Terrorismo, insurrezione o resistenza: cartografare e dare un nome all’«internazionale jihadista»

#jihadismo #Stato_islamico #Daesh #Al-Qaida #Insurrezione #Resistenza #Terrorismo

29 agosto 2016

 

di Philippe Rekacewicz


Traduzione: Cristina Del Biaggio e Alberto Campi.
Questo post è stato pubblicato contemporaneamente sul sito d’OrientXXI.

Dalla fine degli anni ’90 si sono visti nascere e svilupparsi una serie di gruppi islamisti fondamentalisti transnazionali.
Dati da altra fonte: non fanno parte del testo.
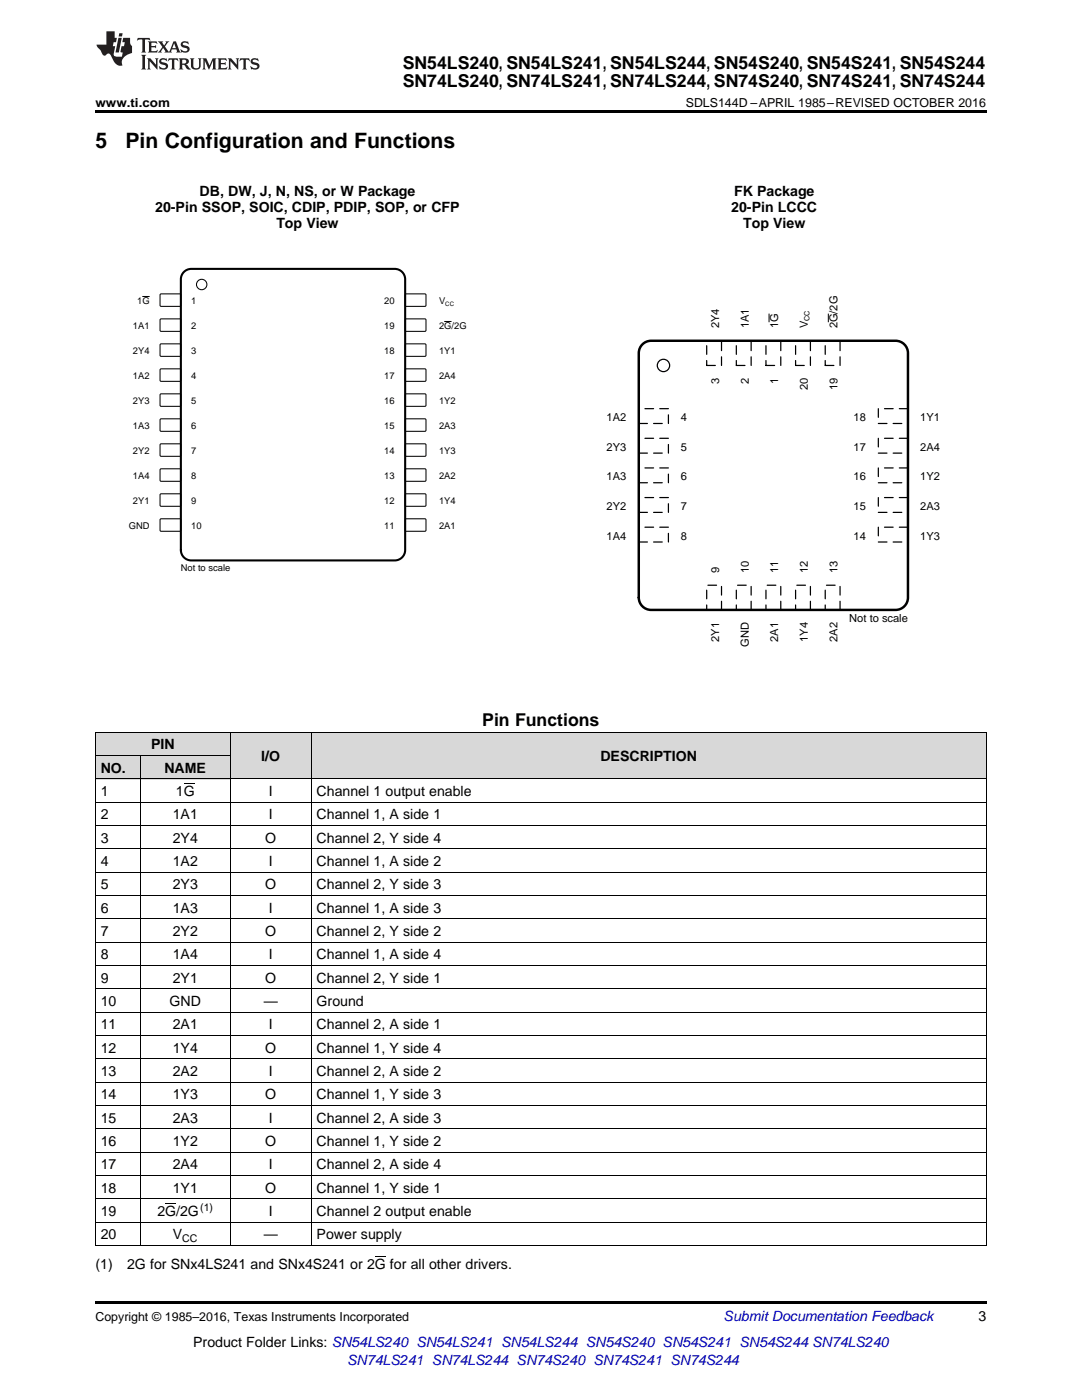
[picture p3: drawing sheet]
<svg xmlns="http://www.w3.org/2000/svg" width="216mm" height="279mm" viewBox="0 0 216 279" stroke-linecap="round" stroke-linejoin="round" font-family="sans-serif">
<g fill="#d8d8d8">
<path d="M46 146.2h16.1v9.3h-16.1z"/>
<path d="M62.1 146.2h134.7v9.3h-134.7z"/>
<path d="M19 150.8h9v4.7h-9z"/>
<path d="M28 150.8h18v4.7h-18z"/>
<path d="M19 146.2h9v4.6h-9z"/>
<path d="M28 146.2h18v4.6h-18z"/>
</g>
<path d="M19 248.6h.2zM45.9 248.6h.1zM62 248.6h.1zM196.7 248.6h.1zM19 259.7h177.8v.5h-177.8z" fill="#000"/>
<g fill="none" stroke="#000" stroke-width=".2">
<path d="M19 155.5h177.8M19 150.8h27M19 146.1h177.8M19.1 146.2v102.4M28 150.8v97.8M45.9 146.2v102.4M62.1 146.2v102.4M196.8 146.2v102.4M19 178.7h177.8M19 174.1h177.8M19 169.4h177.8M19 164.8h177.8"/>
<path d="M19 160.1h177.8M19 197.4h177.8M19 192.7h177.8M19 188h177.8M19 183.4h177.8M19 216h177.8M19 211.3h177.8M19 206.7h177.8M19 202h177.8M19 239.3h177.8M19 234.6h177.8M19 230h177.8"/>
<path d="M19 225.3h177.8M19 220.6h177.8M19 248.6h177.8M19 243.9h177.8"/>
</g>
<path d="M127.5 81.6h5.9v2.9h-5.9z" fill-rule="evenodd" fill="#fff"/>
<path d="M127.5 81.6h5.9v2.9h-5.9z" fill="none" stroke="#000" stroke-width=".25" stroke-dasharray="1.7 1.2"/>
<path d="M127.5 87.5h5.9v2.9h-5.9z" fill-rule="evenodd" fill="#fff"/>
<path d="M127.5 87.5h5.9v2.9h-5.9z" fill="none" stroke="#000" stroke-width=".25" stroke-dasharray="1.7 1.2"/>
<path d="M127.5 93.4h5.9v2.9h-5.9z" fill-rule="evenodd" fill="#fff"/>
<path d="M127.5 93.4h5.9v2.9h-5.9z" fill="none" stroke="#000" stroke-width=".25" stroke-dasharray="1.7 1.2"/>
<path d="M127.5 99.3h5.9v3h-5.9z" fill-rule="evenodd" fill="#fff"/>
<path d="M127.5 99.3h5.9v3h-5.9z" fill="none" stroke="#000" stroke-width=".25" stroke-dasharray="1.7 1.2"/>
<path d="M127.5 105.2h5.9v3h-5.9z" fill-rule="evenodd" fill="#fff"/>
<path d="M127.5 105.2h5.9v3h-5.9z" fill="none" stroke="#000" stroke-width=".25" stroke-dasharray="1.7 1.2"/>
<path d="M141 116.8h3v4.9h-3z" fill-rule="evenodd" fill="#fff"/>
<path d="M141 116.8h3v4.9h-3z" fill="none" stroke="#000" stroke-width=".25" stroke-dasharray="1.7 1.2"/>
<path d="M146.9 116.8h3v4.9h-3z" fill-rule="evenodd" fill="#fff"/>
<path d="M146.9 116.8h3v4.9h-3z" fill="none" stroke="#000" stroke-width=".25" stroke-dasharray="1.7 1.2"/>
<path d="M152.8 116.8h3v4.9h-3z" fill-rule="evenodd" fill="#fff"/>
<path d="M152.8 116.8h3v4.9h-3z" fill="none" stroke="#000" stroke-width=".25" stroke-dasharray="1.7 1.2"/>
<path d="M158.8 116.8h2.9v4.9h-2.9z" fill-rule="evenodd" fill="#fff"/>
<path d="M158.8 116.8h2.9v4.9h-2.9z" fill="none" stroke="#000" stroke-width=".25" stroke-dasharray="1.7 1.2"/>
<path d="M164.7 116.8h2.9v4.9h-2.9z" fill-rule="evenodd" fill="#fff"/>
<path d="M164.7 116.8h2.9v4.9h-2.9z" fill="none" stroke="#000" stroke-width=".25" stroke-dasharray="1.7 1.2"/>
<path d="M175.3 105.2h5.9v3h-5.9z" fill-rule="evenodd" fill="#fff"/>
<path d="M175.3 105.2h5.9v3h-5.9z" fill="none" stroke="#000" stroke-width=".25" stroke-dasharray="1.7 1.2"/>
<path d="M175.3 99.3h5.9v3h-5.9z" fill-rule="evenodd" fill="#fff"/>
<path d="M175.3 99.3h5.9v3h-5.9z" fill="none" stroke="#000" stroke-width=".25" stroke-dasharray="1.7 1.2"/>
<path d="M175.3 93.4h5.9v2.9h-5.9z" fill-rule="evenodd" fill="#fff"/>
<path d="M175.3 93.4h5.9v2.9h-5.9z" fill="none" stroke="#000" stroke-width=".25" stroke-dasharray="1.7 1.2"/>
<path d="M175.3 87.5h5.9v2.9h-5.9z" fill-rule="evenodd" fill="#fff"/>
<path d="M175.3 87.5h5.9v2.9h-5.9z" fill="none" stroke="#000" stroke-width=".25" stroke-dasharray="1.7 1.2"/>
<path d="M175.3 81.6h5.9v2.9h-5.9z" fill-rule="evenodd" fill="#fff"/>
<path d="M175.3 81.6h5.9v2.9h-5.9z" fill="none" stroke="#000" stroke-width=".25" stroke-dasharray="1.7 1.2"/>
<path d="M164.7 68h2.9v4.9h-2.9z" fill-rule="evenodd" fill="#fff"/>
<path d="M164.7 68h2.9v4.9h-2.9z" fill="none" stroke="#000" stroke-width=".25" stroke-dasharray="1.7 1.2"/>
<path d="M165.3 62.6v1.7" fill="none" stroke="#000" stroke-width=".2"/>
<path d="M158.8 68h2.9v4.9h-2.9z" fill-rule="evenodd" fill="#fff"/>
<path d="M158.8 68h2.9v4.9h-2.9z" fill="none" stroke="#000" stroke-width=".25" stroke-dasharray="1.7 1.2"/>
<path d="M152.8 68h3v4.9h-3z" fill-rule="evenodd" fill="#fff"/>
<path d="M152.8 68h3v4.9h-3z" fill="none" stroke="#000" stroke-width=".25" stroke-dasharray="1.7 1.2"/>
<path d="M153.5 62.6v1.7" fill="none" stroke="#000" stroke-width=".2"/>
<path d="M146.9 68h3v4.9h-3z" fill-rule="evenodd" fill="#fff"/>
<path d="M146.9 68h3v4.9h-3z" fill="none" stroke="#000" stroke-width=".25" stroke-dasharray="1.7 1.2"/>
<path d="M141 68h3v4.9h-3z" fill-rule="evenodd" fill="#fff"/>
<path d="M141 68h3v4.9h-3z" fill="none" stroke="#000" stroke-width=".25" stroke-dasharray="1.7 1.2"/>
<circle cx="132.4" cy="72.9" r="1.23" fill="none" stroke="#000" stroke-width=".25"/>
<path d="M128.4 68.5l1-.4 .5-.1h48.8a2.46 2.46 0 0 1 2.5 2.5v48.8a2.46 2.46 0 0 1-2.5 2.4h-48.8a2.46 2.46 0 0 1-2.4-2.4v-48.8a2.46 2.46 0 0 1 .9-2z" fill="none" stroke="#000" stroke-width=".49"/>
<path d="M32 58.7h4v2.4h-4z" fill-rule="evenodd" fill="#fff"/>
<path d="M32 58.7h4v2.4h-4z" fill="none" stroke="#000" stroke-width=".21"/>
<path d="M28.4 59.2h1.5" fill="none" stroke="#000" stroke-width=".2"/>
<path d="M80.9 58.7h4v2.4h-4z" fill-rule="evenodd" fill="#fff"/>
<path d="M80.9 58.7h4v2.4h-4z" fill="none" stroke="#000" stroke-width=".21"/>
<path d="M32 63.7h4v2.4h-4z" fill-rule="evenodd" fill="#fff"/>
<path d="M32 63.7h4v2.4h-4z" fill="none" stroke="#000" stroke-width=".21"/>
<path d="M80.9 63.7h4v2.4h-4z" fill-rule="evenodd" fill="#fff"/>
<path d="M80.9 63.7h4v2.4h-4z" fill="none" stroke="#000" stroke-width=".21"/>
<path d="M88.6 64.2h1.5" fill="none" stroke="#000" stroke-width=".2"/>
<path d="M32 68.7h4v2.4h-4z" fill-rule="evenodd" fill="#fff"/>
<path d="M32 68.7h4v2.4h-4z" fill="none" stroke="#000" stroke-width=".21"/>
<path d="M80.9 68.7h4v2.4h-4z" fill-rule="evenodd" fill="#fff"/>
<path d="M80.9 68.7h4v2.4h-4z" fill="none" stroke="#000" stroke-width=".21"/>
<path d="M32 73.7h4v2.3h-4z" fill-rule="evenodd" fill="#fff"/>
<path d="M32 73.7h4v2.3h-4z" fill="none" stroke="#000" stroke-width=".21"/>
<path d="M80.9 73.7h4v2.3h-4z" fill-rule="evenodd" fill="#fff"/>
<path d="M80.9 73.7h4v2.3h-4z" fill="none" stroke="#000" stroke-width=".21"/>
<path d="M32 78.7h4v2.3h-4z" fill-rule="evenodd" fill="#fff"/>
<path d="M32 78.7h4v2.3h-4z" fill="none" stroke="#000" stroke-width=".21"/>
<path d="M80.9 78.7h4v2.3h-4z" fill-rule="evenodd" fill="#fff"/>
<path d="M80.9 78.7h4v2.3h-4z" fill="none" stroke="#000" stroke-width=".21"/>
<path d="M32 83.6h4v2.4h-4z" fill-rule="evenodd" fill="#fff"/>
<path d="M32 83.6h4v2.4h-4z" fill="none" stroke="#000" stroke-width=".21"/>
<path d="M80.9 83.6h4v2.4h-4z" fill-rule="evenodd" fill="#fff"/>
<path d="M80.9 83.6h4v2.4h-4z" fill="none" stroke="#000" stroke-width=".21"/>
<path d="M32 88.6h4v2.4h-4z" fill-rule="evenodd" fill="#fff"/>
<path d="M32 88.6h4v2.4h-4z" fill="none" stroke="#000" stroke-width=".21"/>
<path d="M80.9 88.6h4v2.4h-4z" fill-rule="evenodd" fill="#fff"/>
<path d="M80.9 88.6h4v2.4h-4z" fill="none" stroke="#000" stroke-width=".21"/>
<path d="M32 93.6h4v2.4h-4z" fill-rule="evenodd" fill="#fff"/>
<path d="M32 93.6h4v2.4h-4z" fill="none" stroke="#000" stroke-width=".21"/>
<path d="M80.9 93.6h4v2.4h-4z" fill-rule="evenodd" fill="#fff"/>
<path d="M80.9 93.6h4v2.4h-4z" fill="none" stroke="#000" stroke-width=".21"/>
<path d="M32 98.6h4v2.4h-4z" fill-rule="evenodd" fill="#fff"/>
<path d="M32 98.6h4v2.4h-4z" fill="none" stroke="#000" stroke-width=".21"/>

Nonostante la loro crescente importanza, questo fenomeno non è mai stato oggetto di una cartografia che andasse oltre la semplice e vaga localizzazione geografica dei luoghi dove questi gruppi operavano, o la segnalazione delle località degli attentati a loro attribuiti.

Questi movimenti che all’inizio risultavano essere disorganizzati e agire in maniera indipendente gli uni dagli altri, fatta eccezione per Al-Qaida, a partire dagli anni 2000 si sono a poco a poco meglio strutturati, soprattutto dopo l’inizio delle rivolte arabe del 2011. Si sono trasformati in organizzazioni politiche, ideologiche e militari, che tessono legami sempre più stretti fra loro.

Dal 2013, hanno iniziato a «territorializzarsi» - con più o meno successo (certi tentativi di territorializzazione sono «infastiditi» da interventi militari occidentali). I jihadisti - ma anche le armi, le tecniche o le ideologie - circolano da un continente all’altro, stabiliscono basi e consolidano posizioni (tratti rossi sulla carta qui sotto). Gli insediamenti territoriali, anche embrionali, allacciano fra loro dei legami politici (tratti grigi) - alleanze, affiliazioni, consigli politici o militari.

JPEG - 2.4 Mio

Il funzionamento e la logistica di queste organizzazioni si sovrappongono agli Stati-nazione tradizionali per la maggior parte nati dalla decolonizzazione. Queste entità assumono il controllo degli spazi abbandonati dagli Stati in decadenza e utilizzano le infrastrutture esistenti degli Stati indeboliti con i quali, delle volte, entrano in contrasto in maniera violenta, poiché gli Stati sono incapaci di tenerle a freno.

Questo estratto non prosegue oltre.